8-bit clean
8-bit clean is the name of a system that correctly takes into account and processes all 8 bits of a byte .
Early code pages like ASCII encode the characters over 7 bits, while the eighth bit can be used for parity checking or other purposes.
Later code pages such as CP437 or CP850 , as well as the ISO-8859 series and UTF-8 are based on ASCII. By setting the eighth bit to 0, an ASCII character is converted into each of these code pages, while the 1 leads to a character with a different meaning (umlaut, graphic symbol, part of a multibyte sequence, etc.).
Conversely, texts that are written in code pages in which the eighth bit is defined, as well as binary data, must first be converted before processing by a 7-bit system. Otherwise special characters with the eighth bit set would be interpreted incorrectly and binary data would be corrupted. This procedure is common with mail systems ( SMTP , MIME , uuencode ).
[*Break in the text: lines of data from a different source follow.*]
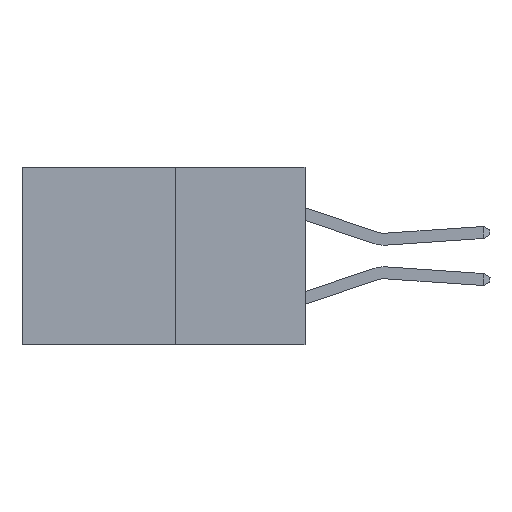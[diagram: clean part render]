
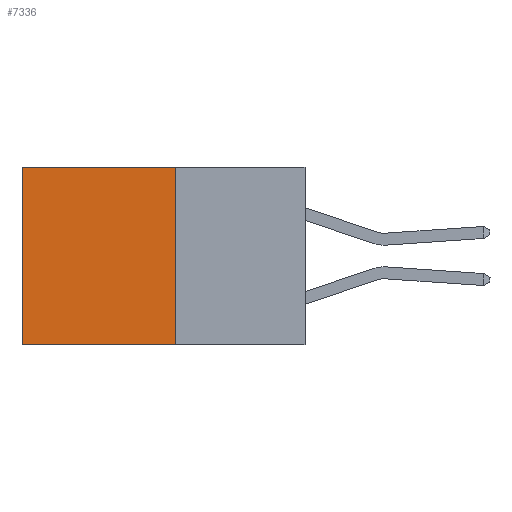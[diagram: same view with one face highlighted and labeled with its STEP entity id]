
A CAD part, left-side view. The second image highlights one B-rep face of the part: STEP entity #7336.
In plain terms, the highlighted planar face has unit normal (-1, 0, 0).
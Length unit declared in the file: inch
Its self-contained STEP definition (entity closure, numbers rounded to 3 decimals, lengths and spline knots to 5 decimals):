
#1226 = EDGE_CURVE ( 'NONE', #4120, #15857, #4964, .T. ) ;
#2653 = FACE_OUTER_BOUND ( 'NONE', #14491, .T. ) ;
#3341 = CARTESIAN_POINT ( 'NONE',  ( 0.277, 0.59, -0.37 ) ) ;
#3538 = CARTESIAN_POINT ( 'NONE',  ( 0.277, 0.27, -0.37 ) ) ;
#4120 = VERTEX_POINT ( 'NONE', #21386 ) ;
#4964 = LINE ( 'NONE', #3341, #13971 ) ;
#5347 = DIRECTION ( 'NONE',  ( 0., 0., -1. ) ) ;
#5395 = ORIENTED_EDGE ( 'NONE', *, *, #21668, .T. ) ;
#5653 = CARTESIAN_POINT ( 'NONE',  ( 0.277, 0.27, -0.37 ) ) ;
#6136 = CARTESIAN_POINT ( 'NONE',  ( 0.277, 0.27, -0.37 ) ) ;
#7336 = ADVANCED_FACE ( 'NONE', ( #2653 ), #21243, .F. ) ;
#9477 = CARTESIAN_POINT ( 'NONE',  ( 0.277, 0.27, -0.37 ) ) ;
#10611 = ORIENTED_EDGE ( 'NONE', *, *, #1226, .T. ) ;
#11216 = AXIS2_PLACEMENT_3D ( 'NONE', #3538, #16066, #5347 ) ;
#13971 = VECTOR ( 'NONE', #18810, 39.37008 ) ;
#14081 = CARTESIAN_POINT ( 'NONE',  ( 0.277, 0.27, 0. ) ) ;
#14491 = EDGE_LOOP ( 'NONE', ( #10611, #14685, #21792, #5395 ) ) ;
#14685 = ORIENTED_EDGE ( 'NONE', *, *, #15183, .F. ) ;
#14712 = EDGE_CURVE ( 'NONE', #16545, #15268, #15912, .T. ) ;
#15183 = EDGE_CURVE ( 'NONE', #15268, #15857, #19981, .T. ) ;
#15268 = VERTEX_POINT ( 'NONE', #9477 ) ;
#15366 = VECTOR ( 'NONE', #20319, 39.37008 ) ;
#15391 = VECTOR ( 'NONE', #22630, 39.37008 ) ;
#15857 = VERTEX_POINT ( 'NONE', #16239 ) ;
#15912 = LINE ( 'NONE', #6136, #15366 ) ;
#16066 = DIRECTION ( 'NONE',  ( 1., 0., 0. ) ) ;
#16239 = CARTESIAN_POINT ( 'NONE',  ( 0.277, 0.59, -0.37 ) ) ;
#16545 = VERTEX_POINT ( 'NONE', #14081 ) ;
#18810 = DIRECTION ( 'NONE',  ( 0., 0., -1. ) ) ;
#19443 = VECTOR ( 'NONE', #19856, 39.37008 ) ;
#19488 = LINE ( 'NONE', #20899, #15391 ) ;
#19856 = DIRECTION ( 'NONE',  ( 0., 1., 0. ) ) ;
#19981 = LINE ( 'NONE', #5653, #19443 ) ;
#20319 = DIRECTION ( 'NONE',  ( 0., 0., -1. ) ) ;
#20899 = CARTESIAN_POINT ( 'NONE',  ( 0.277, 0.27, 0. ) ) ;
#21243 = PLANE ( 'NONE',  #11216 ) ;
#21386 = CARTESIAN_POINT ( 'NONE',  ( 0.277, 0.59, 0. ) ) ;
#21668 = EDGE_CURVE ( 'NONE', #16545, #4120, #19488, .T. ) ;
#21792 = ORIENTED_EDGE ( 'NONE', *, *, #14712, .F. ) ;
#22630 = DIRECTION ( 'NONE',  ( 0., 1., 0. ) ) ;

It has become common practice to set the eighth bit to zero from the outset in ASCII-coded data, i.e. H. make sure that the data is 8-bit clean. An explicit conversion into the code pages mentioned is thus superfluous. The loss of parity information does not appear to be critical today because error-prone data transmissions are now protected by packet checksums.
Common applications and operating systems have been 8-bit clean since the 1990s, while SMTP continues to process 7-bit data for reasons of downward compatibility.